Sunday, February 24, 2008

Birds Do It. Bees Do It. Dragons Don’t Need To.

By NEIL SHUBIN / NYTimes

DRAGONS and virgin births are the stuff of myth and religion. Except, that is, in Kansas, where they have recently come together in a way that should alter the way many of us look at nature and demonstrate the risks in our habit of using it to help us make ethical decisions.

Keepers at Wichita’s zoo got a surprise last year when they found developing eggs inside the Komodo dragon compound. Komodos are large rapacious lizards naturally found in Indonesia, but increasingly populating zoos around the world. Finding fertile embryos of dragons is a joyous occasion — there are only a few thousand of the lizards in the wild and captive breeding may be the only way to keep the species around.

But these eggs — two of which hatched a few weeks ago — were unusual: they developed from a female that had had no male of the species in close proximity for more than a decade.
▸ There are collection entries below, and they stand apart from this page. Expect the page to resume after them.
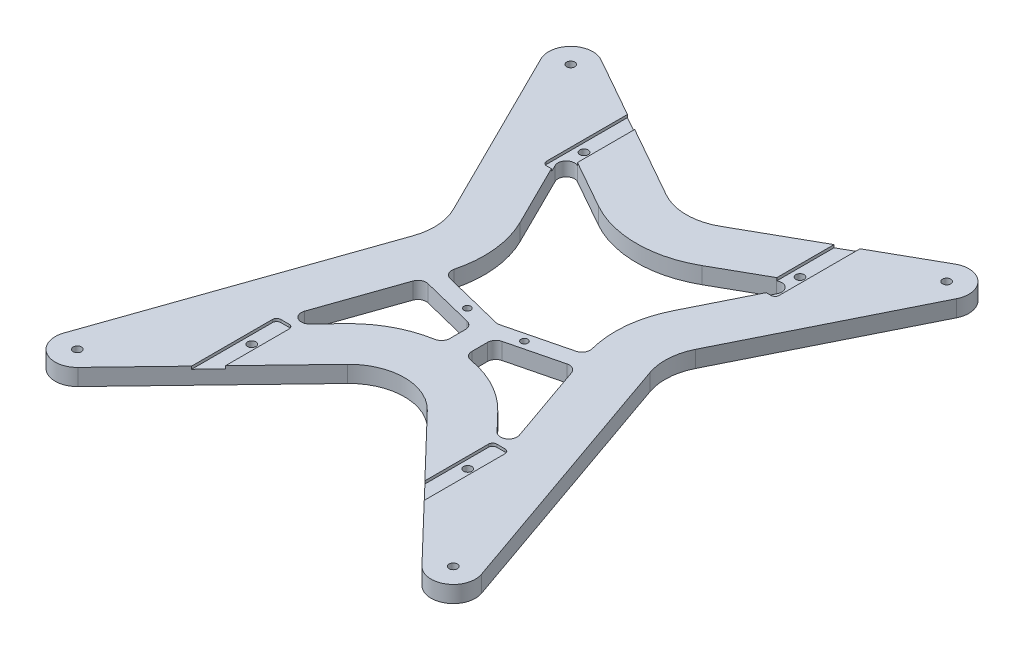
from build123d import *

# Parameters (mm, degrees)
SKETCH1_R           = 1.5
BOSS_EXTRUDE1_DEPTH = 6
FILLET1_R           = 20
CUT_EXTRUDE1_REACH  = 125.376
SKETCH5_R           = 1.25
BOSS_EXTRUDE2_DEPTH = 6
FILLET2_R           = 3
SKETCH6_W           = 6
SKETCH6_H           = 30.707123962
SKETCH6_H_2         = 30.684410161
CUT_EXTRUDE2_DEPTH  = 1
FILLET3_R           = 1.5


with BuildPart() as part:
    # Sketch1 → Boss-Extrude1 (new body)
    with BuildSketch(Plane(origin=(0, 0, 0), x_dir=(1, 0, 0), z_dir=(0, 1, 0))):
        with BuildLine():
            Line((-63.952675545, 96.063842822), (0, 60))
            Line((0, 60), (63.952675545, 96.063842822))
            ThreePointArc((63.952675545, 96.063842822), (73.389179934, 94.898361774), (75.046634262, 85.5357336))
            Line((75.046634262, 85.5357336), (40, 15))
            Line((40, 15), (75.434864258, -86.457646081))
            ThreePointArc((75.434864258, -86.457646081), (72.068849374, -95.912520808), (62.113867032, -94.638535384))
            Line((62.113867032, -94.638535384), (0, -30))
            Line((0, -30), (-62.113867032, -94.638535384))
            ThreePointArc((-62.113867032, -94.638535384), (-72.068849374, -95.912520808), (-75.434864258, -86.457646081))
            Line((-75.434864258, -86.457646081), (-40, 15))
            Line((-40, 15), (-75.046634262, 85.5357336))
            ThreePointArc((-75.046634262, 85.5357336), (-73.389179934, 94.898361774), (-63.952675545, 96.063842822))
        make_face()
        with Locations(Location((-67.882250994, 89.09545443, 0), (0, 0, 270))):
            Circle(SKETCH1_R, mode=Mode.SUBTRACT)
        with Locations(Location((67.882250994, 89.09545443, 0), (0, 0, 270))):
            Circle(SKETCH1_R, mode=Mode.SUBTRACT)
        with Locations(Location((-67.882250994, -89.09545443, 0), (0, 0, 270))):
            Circle(SKETCH1_R, mode=Mode.SUBTRACT)
        with Locations(Location((67.882250994, -89.09545443, 0), (0, 0, 270))):
            Circle(SKETCH1_R, mode=Mode.SUBTRACT)
        with Locations(Location((-39, 65, 0), (0, 0, 270))):
            Circle(SKETCH1_R, mode=Mode.SUBTRACT)
        with Locations(Location((39, 65, 0), (0, 0, 270))):
            Circle(SKETCH1_R, mode=Mode.SUBTRACT)
        with Locations(Location((39, -55, 0), (0, 0, 270))):
            Circle(SKETCH1_R, mode=Mode.SUBTRACT)
        with Locations(Location((-39, -55, 0), (0, 0, 270))):
            Circle(SKETCH1_R, mode=Mode.SUBTRACT)
    extrude(amount=BOSS_EXTRUDE1_DEPTH)

    # Fillet1
    fillet1_edges = [part.edges().sort_by_distance(p)[0] for p in [
        (0, 3, -60),
        (40, 3, -15),
        (0, 3, 30),
        (-40, 3, -15),
    ]]
    fillet(fillet1_edges, radius=FILLET1_R)

    # Sketch2 → Cut-Extrude1 (cut, up to next)
    with BuildSketch(Plane(origin=(0, 6, 0), x_dir=(1, 0, 0), z_dir=(0, 1, 0)), mode=Mode.PRIVATE) as cut_extrude1_sk1:
        with BuildLine():
            Line((-44.444795008, 64.398316163), (-27.62775586, 30.551922116))
            ThreePointArc((-27.62775586, 30.551922116), (-23.732915732, 16.019014171), (-25.78366338, 1.113658522))
            Line((-25.78366338, 1.113658522), (-43.323179503, -49.105752685))
            Line((-43.323179503, -49.105752685), (-27.39982382, -32.535179334))
            ThreePointArc((-27.39982382, -32.535179334), (0, -20.864813867), (27.39982382, -32.535179334))
            Line((27.39982382, -32.535179334), (43.323179503, -49.105752685))
            Line((43.323179503, -49.105752685), (25.78366338, 1.113658522))
            ThreePointArc((25.78366338, 1.113658522), (23.732915732, 16.019014171), (27.62775586, 30.551922116))
            Line((27.62775586, 30.551922116), (44.444795008, 64.398316163))
            Line((44.444795008, 64.398316163), (18.665483383, 49.860987824))
            ThreePointArc((18.665483383, 49.860987824), (0, 44.96083269), (-18.665483383, 49.860987824))
            Line((-18.665483383, 49.860987824), (-44.444795008, 64.398316163))
        make_face()
    cut_extrude1_tool1 = extrude(cut_extrude1_sk1.sketch, amount=-CUT_EXTRUDE1_REACH, mode=Mode.PRIVATE) & part.part
    add(cut_extrude1_tool1.solids().sort_by_distance((0, 6, -11.306472))[0], mode=Mode.SUBTRACT)

    # Sketch5 → Boss-Extrude2 (add)
    with BuildSketch(Plane(origin=(0, 6, 0), x_dir=(1, 0, 0), z_dir=(0, 1, 0))):
        with BuildLine():
            Line((-26.321862123, 1.247557887), (0, -5.301102183))
            Line((0, -5.301102183), (26.321862123, 1.247557887))
            Line((26.321862123, 1.247557887), (27.770453283, -4.57494876))
            Line((27.770453283, -4.57494876), (4, -10.488839561))
            Line((4, -10.488839561), (4, -21.075926612))
            ThreePointArc((4, -21.075926612), (0, -20.864813867), (-4, -21.075926612))
            Line((-4, -21.075926612), (-4, -10.488839561))
            Line((-4, -10.488839561), (-27.770453283, -4.57494876))
            Line((-27.770453283, -4.57494876), (-26.321862123, 1.247557887))
        make_face()
        with Locations(Location((-10.3, -5.83, 0), (0, 0, 270))):
            Circle(SKETCH5_R, mode=Mode.SUBTRACT)
        with Locations(Location((10.3, -5.83, 0), (0, 0, 270))):
            Circle(SKETCH5_R, mode=Mode.SUBTRACT)
    extrude(amount=-BOSS_EXTRUDE2_DEPTH)

    # Fillet2
    fillet2_edges = [part.edges().sort_by_distance(p)[0] for p in [
        (-44.444795008, 3, -64.398316163),
        (44.444795008, 3, -64.398316163),
        (25.78366338, 3, -1.113658522),
        (43.323179503, 3, 49.105752685),
        (-43.323179503, 3, 49.105752685),
        (-25.78366338, 3, -1.113658522),
        (0, 3, 5.301102183),
        (-4, 3, 10.488839561),
        (-4, 3, 21.075926612),
        (4, 3, 21.075926612),
        (4, 3, 10.488839561),
        (27.770453283, 3, 4.57494876),
        (-27.770453283, 3, 4.57494876),
    ]]
    fillet(fillet2_edges, radius=FILLET2_R)

    # Sketch6 → Cut-Extrude2 (cut)
    with BuildSketch(Plane(origin=(0, 6, 0), x_dir=(1, 0, 0), z_dir=(0, 1, 0))):
        with Locations((-39, -58.353561981)):
            Rectangle(SKETCH6_W, SKETCH6_H)
        with Locations((39, -58.353561981)):
            Rectangle(SKETCH6_W, SKETCH6_H)
        with Locations((39, 68.342205081)):
            Rectangle(SKETCH6_W, SKETCH6_H_2)
        with Locations((-39, 68.342205081)):
            Rectangle(SKETCH6_W, SKETCH6_H_2)
    extrude(amount=-CUT_EXTRUDE2_DEPTH, mode=Mode.SUBTRACT)

    # Fillet3
    fillet3_edges = [part.edges().sort_by_distance(p)[0] for p in [
        (-36, 5.5, 43),
        (-42, 5.5, 43),
        (36, 5.5, 43),
        (42, 5.5, 43),
        (42, 5.5, -53),
        (-42, 5.5, -53),
    ]]
    fillet(fillet3_edges, radius=FILLET3_R)


solid = part.part
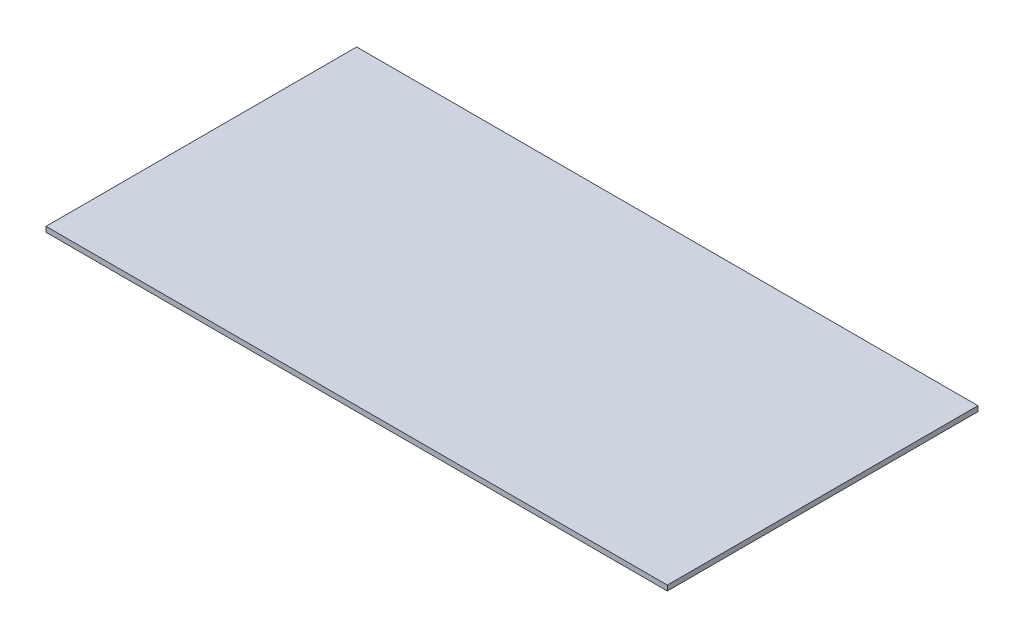
from build123d import *

# Parameters (mm, degrees)
SKETCH1_W           = 304.8
SKETCH1_H           = 152.4
BOSS_EXTRUDE1_DEPTH = 2.54


with BuildPart() as part:
    # Sketch1 → Boss-Extrude1 (new body)
    with BuildSketch(Plane(origin=(0, 0, 0), x_dir=(1, 0, 0), z_dir=(0, 1, 0))):
        Rectangle(SKETCH1_W, SKETCH1_H)
    extrude(amount=BOSS_EXTRUDE1_DEPTH)


solid = part.part
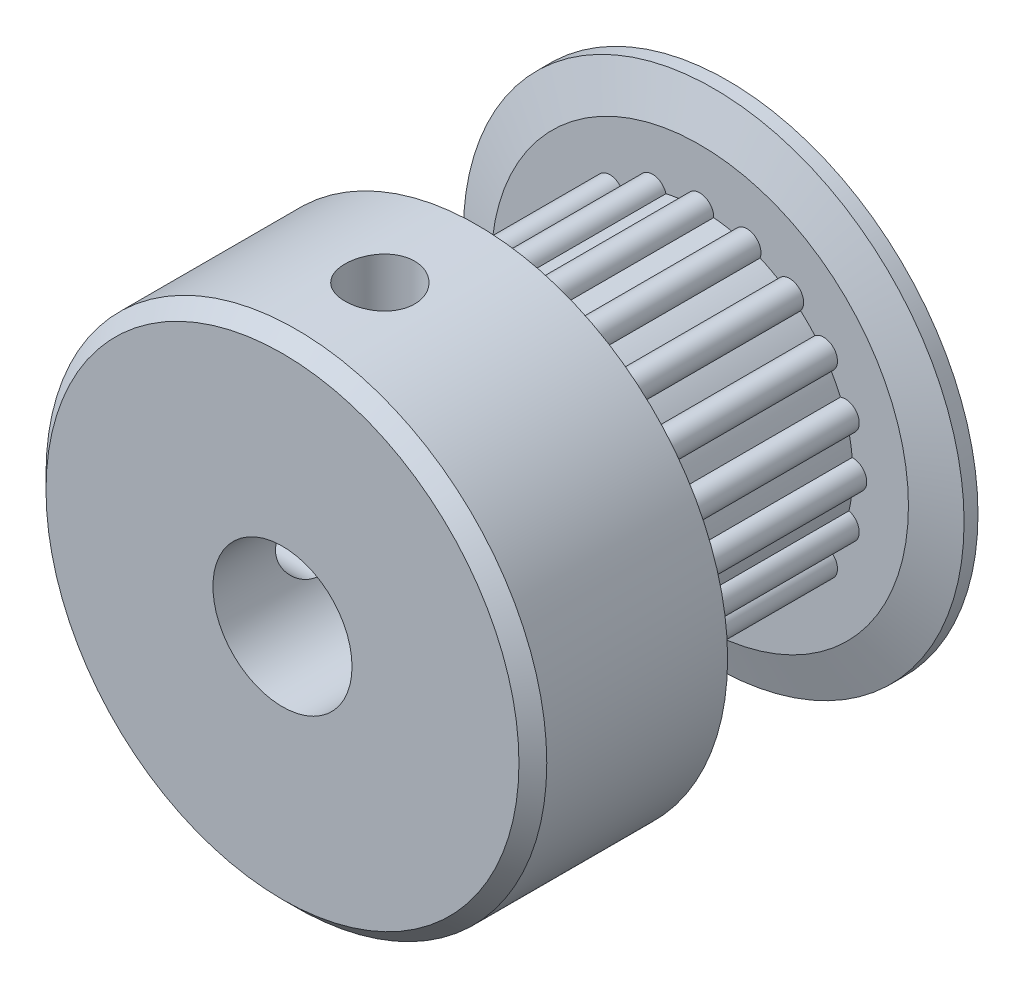
from build123d import *

# Parameters (mm, degrees)
M3X0_5_TAPPED_HOLE1_REACH           = 25.691
M3X0_5_TAPPED_HOLE1_BORE_R          = 1.25
M3X0_5_TAPPED_HOLE1_ON_FACE_2_REACH = 25.691
M3X0_5_TAPPED_HOLE1_BORE_2_R        = 1.25
CHAMFER1_SIZE                       = 0.5
BOSS_EXTRUDE1_START                 = 7.5
BOSS_EXTRUDE1_DEPTH                 = 7.5
CIRPATTERN1_COUNT                   = 20


with BuildPart() as part:
    # Sketch1 → Revolve1 (revolve)
    with BuildSketch(Plane(origin=(0, 0, 0), x_dir=(0, 0, -1), z_dir=(1, 0, 0)), mode=Mode.PRIVATE) as revolve1_sk:
        Polygon((-3.75, 7.5), (-3.75, 5.5), (3.75, 5.5), (3.75, 7.5), (4.25, 9), (4.75, 9), (4.75, 2.5), (-11.25, 2.5), (-11.25, 9), (-4.25, 9), align=None)
    revolve(revolve1_sk.sketch.rotate(Axis((0, 0, 0), (0, 0, -1)), 90), axis=Axis((0, 0, 0), (0, 0, -1)))

    # M3x0.5 Tapped Hole1 bore (on position points) → M3x0.5 Tapped Hole1 (cut, up to next)
    with BuildSketch(Plane(origin=(-9, 0, 7.75), x_dir=(0, -1, 0), z_dir=(-1, 0, 0)), mode=Mode.PRIVATE) as m3x0_5_tapped_hole1_sk1:
        Circle(M3X0_5_TAPPED_HOLE1_BORE_R)
    m3x0_5_tapped_hole1_tool1 = extrude(m3x0_5_tapped_hole1_sk1.sketch, amount=-M3X0_5_TAPPED_HOLE1_REACH, mode=Mode.PRIVATE) & part.part
    add(m3x0_5_tapped_hole1_tool1.solids().sort_by_distance((-9, 0, 7.75))[0], mode=Mode.SUBTRACT)

    # M3x0.5 Tapped Hole1 bore 2 (on position points) → M3x0.5 Tapped Hole1 on face 2 (cut, up to next)
    with BuildSketch(Plane(origin=(0, 9, 7.75), x_dir=(0, 0, 1), z_dir=(0, 1, 0)), mode=Mode.PRIVATE) as m3x0_5_tapped_hole1_on_face_2_sk1:
        Circle(M3X0_5_TAPPED_HOLE1_BORE_2_R)
    m3x0_5_tapped_hole1_on_face_2_tool1 = extrude(m3x0_5_tapped_hole1_on_face_2_sk1.sketch, amount=-M3X0_5_TAPPED_HOLE1_ON_FACE_2_REACH, mode=Mode.PRIVATE) & part.part
    add(m3x0_5_tapped_hole1_on_face_2_tool1.solids().sort_by_distance((0, 9, 7.75))[0], mode=Mode.SUBTRACT)

    # Chamfer1
    chamfer1_edges = [part.edges().sort_by_distance(p)[0] for p in [
        (-9, 0, 11.25),
    ]]
    chamfer(chamfer1_edges, length=CHAMFER1_SIZE)

    # Sketch4 → Boss-Extrude1 (add)
    with BuildSketch(Plane(origin=(0, 0, 3.75), x_dir=(-1, 0, 0), z_dir=(0, 0, -1)).offset(BOSS_EXTRUDE1_START)):
        with BuildLine():
            ThreePointArc((-0.499483204, 5.477272727), (0, 6), (0.499483204, 5.477272727))
            ThreePointArc((0.499483204, 5.477272727), (0, 5.5), (-0.499483204, 5.477272727))
        make_face()
    boss_extrude1 = extrude(amount=-BOSS_EXTRUDE1_DEPTH)

    # CirPattern1: Boss-Extrude1 ×20 about axis
    cirpattern1_axis = Axis((0, 0, 0), (0, 0, 1))
    for i in range(1, CIRPATTERN1_COUNT):
        add(boss_extrude1.rotate(cirpattern1_axis, i * 360 / CIRPATTERN1_COUNT))


solid = part.part
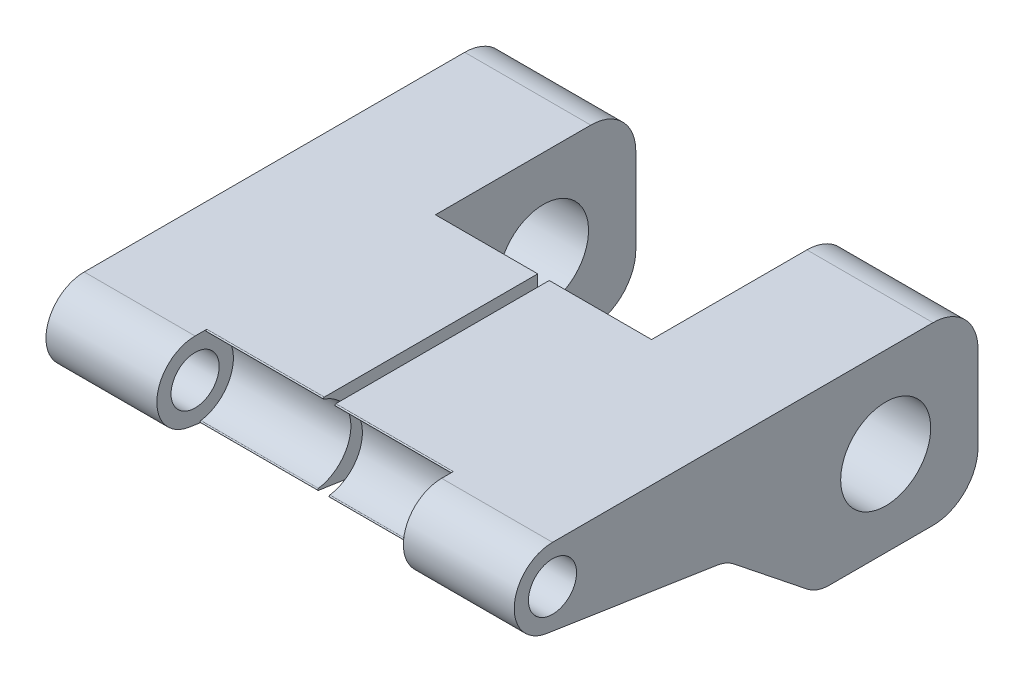
from build123d import *

# Parameters (mm, degrees)
SKETCH_1_R          = 2.5
SKETCH_1_R_2        = 2.125
SKETCH_1_R_3        = 1.335133797
EXTRUDE_1_DEPTH     = 13
SKETCH_2_W          = 6.524253829
SKETCH_2_H          = 2.585648983
CUT_EXTRUDE_2_DEPTH = 120.959693752
CUT_EXTRUDE_3_DEPTH = 98.45681871
CUT_EXTRUDE_4_DEPTH = 98.45681871
FILLET_1_R          = 1


with BuildPart() as part:
    # 草图1 → 凸台-拉伸1 (new body)
    # profile 1 of 2: a face of its own
    with BuildSketch(Plane(origin=(57.25, 0, 0), x_dir=(0, 0, -1), z_dir=(1, 0, 0))):
        with BuildLine():
            Line((-61.875, -37.25), (-68.322437436, -37.25))
            Line((-68.322437436, -37.25), (-83, -37.25))
            ThreePointArc((-83, -37.25), (-81.49739809, -37.87239809), (-80.875, -39.375))
            ThreePointArc((-80.875, -39.375), (-81.615466865, -40.987046214), (-83.320828703, -41.475641317))
            Line((-83.320828703, -41.475641317), (-73.867519615, -42.91943511))
            ThreePointArc((-73.867519615, -42.91943511), (-73.3680524, -43.064100999), (-72.922760566, -43.332635727))
            Line((-72.922760566, -43.332635727), (-68.869512223, -46.563873564))
            ThreePointArc((-68.869512223, -46.563873564), (-68.283195443, -46.88782244), (-67.622796748, -47))
            Line((-67.622796748, -47), (-61.875, -47))
            ThreePointArc((-61.875, -47), (-60.107233047, -46.267766953), (-59.375, -44.5))
            Line((-59.375, -44.5), (-59.375, -39.75))
            ThreePointArc((-59.375, -39.75), (-60.107233047, -37.982233047), (-61.875, -37.25))
        make_face()
        with Locations(Location((-64.5, -42.25, 0), (0, 0, 180))):
            Circle(SKETCH_1_R, mode=Mode.SUBTRACT)
    # profile 2 of 2: a face of its own
    with BuildSketch(Plane(origin=(57.25, 0, 0), x_dir=(0, 0, -1), z_dir=(1, 0, 0))):
        with Locations((-83, -39.375)):
            Circle(SKETCH_1_R_2)
        with Locations(Location((-83, -39.375, 0), (0, 0, 180))):
            Circle(SKETCH_1_R_3, mode=Mode.SUBTRACT)
    extrude(amount=EXTRUDE_1_DEPTH)

    # 草图2 → 切除-拉伸2 (cut, through all)
    with BuildSketch(Plane(origin=(0, 0, 0), x_dir=(1, 0, 0), z_dir=(0, 1, 0))):
        Polygon((57.569510981, -70.5), (63.25, -70.5), (63.25, -57.795794402), (56.681632837, -57.795794402), (56.681632837, -70.222083514), (57.569510981, -70.222083514), align=None)
        Polygon((57.569510981, -83), (57.569510981, -70.5), (56.681632837, -70.5), (56.681632837, -83), (57.25, -83), align=None)
        with Locations((60.831637896, -84.292824491)):
            Rectangle(SKETCH_2_W, SKETCH_2_H)
        Polygon((57.569510981, -85.585648983), (57.569510981, -83), (57.25, -83), (56.681632837, -83), (56.681632837, -85.585648983), align=None)
    extrude(amount=-CUT_EXTRUDE_2_DEPTH, mode=Mode.SUBTRACT)


with BuildPart() as cut_extrude_2_kept_piece:
    # of the separate pieces the step leaves, the one the design keeps (cut_extrude_2_pieces_kept)
    add(part.part.solids().sort_by_distance((63.25, -37.25, 61.875))[0])

    # 草图3 → 切除-拉伸3 (cut, through all)
    with BuildSketch(Plane.ZY.offset(-64.09376481)):
        with BuildLine():
            ThreePointArc((85.125, -39.375), (84.50260191, -37.87239809), (83, -37.25))
            Line((83, -37.25), (83, -38.039866203))
            ThreePointArc((83, -38.039866203), (84.335133797, -39.375), (83, -40.710133797))
            Line((83, -40.710133797), (83, -41.5))
            ThreePointArc((83, -41.5), (83.160876041, -41.493901579), (83.320828703, -41.475641317))
            ThreePointArc((83.320828703, -41.475641317), (84.612046214, -40.759533135), (85.125, -39.375))
        make_face()
        with BuildLine():
            Line((83, -38.039866203), (83, -37.25))
            ThreePointArc((83, -37.25), (80.875, -39.375), (83, -41.5))
            Line((83, -41.5), (83, -40.710133797))
            ThreePointArc((83, -40.710133797), (84.335133797, -39.375), (83, -38.039866203))
        make_face()
        with BuildLine():
            ThreePointArc((85.125, -39.375), (84.50260191, -37.87239809), (83, -37.25))
            Line((83, -37.25), (83, -38.039866203))
            ThreePointArc((83, -38.039866203), (84.335133797, -39.375), (83, -40.710133797))
            Line((83, -40.710133797), (83, -41.5))
            ThreePointArc((83, -41.5), (83.160876041, -41.493901579), (83.320828703, -41.475641317))
            ThreePointArc((83.320828703, -41.475641317), (84.612046214, -40.759533135), (85.125, -39.375))
        make_face()
    extrude(amount=CUT_EXTRUDE_3_DEPTH, mode=Mode.SUBTRACT)

    # 草图4 → 切除-拉伸4 (cut, through all)
    with BuildSketch(Plane.ZY.offset(-64.09376481)):
        with BuildLine():
            Line((83, -37.25), (82.348079759, -37.25))
            ThreePointArc((82.348079759, -37.25), (82.397501705, -37.29241902), (82.363066432, -37.347701149))
            ThreePointArc((82.363066432, -37.347701149), (82.677808331, -37.2745673), (83, -37.25))
        make_face()
        with BuildLine():
            ThreePointArc((83, -41.5), (82.837749118, -41.493796746), (82.676445515, -41.475223201))
            ThreePointArc((82.676445515, -41.475223201), (82.718832444, -41.524672669), (82.676381359, -41.574067071))
            Line((82.676381359, -41.574067071), (83, -41.524641142))
            Line((83, -41.524641142), (83, -41.5))
        make_face()
    extrude(amount=CUT_EXTRUDE_4_DEPTH, mode=Mode.SUBTRACT)

    # 圆角1
    fillet_1_edges = [cut_extrude_2_kept_piece.edges().sort_by_distance(p)[0] for p in [
        (60.409755491, -45.264053432, 70.5),
    ]]
    fillet(fillet_1_edges, radius=FILLET_1_R)


with BuildPart() as body_2:
    # 镜向2: mirrored copy
    add(cut_extrude_2_kept_piece.part.mirror(Plane(origin=(57.25, 0, 0), x_dir=(0, 0, 1), z_dir=(1, 0, 0))))


with BuildPart() as body_2_2:
    # 镜向3: mirrored copy
    add(cut_extrude_2_kept_piece.part.mirror(Plane(origin=(57.25, 0, 0), x_dir=(0, 0, 1), z_dir=(1, 0, 0))))


solid = Compound([cut_extrude_2_kept_piece.part, body_2_2.part])

Judging from similar occurrences over the past two years in Britain, it appears that these lizards sometimes use a form of virgin birth in which eggs hatch without conception. The embryos are genetic clones of the mother.

More after the click ...

My comment:

Interesting how cloning calls into question our penchant for looking to nature for moral guidance on questions ranging from when life begins to same sex marriages. Perhaps looking to nature for that moral guidance is not unlike looking to the Rorschach certainty of your friendly local holy book ... you can find what ever answer you're looking for in it ... and that offers no moral guidance at all beyond the echoes of your own prejudices.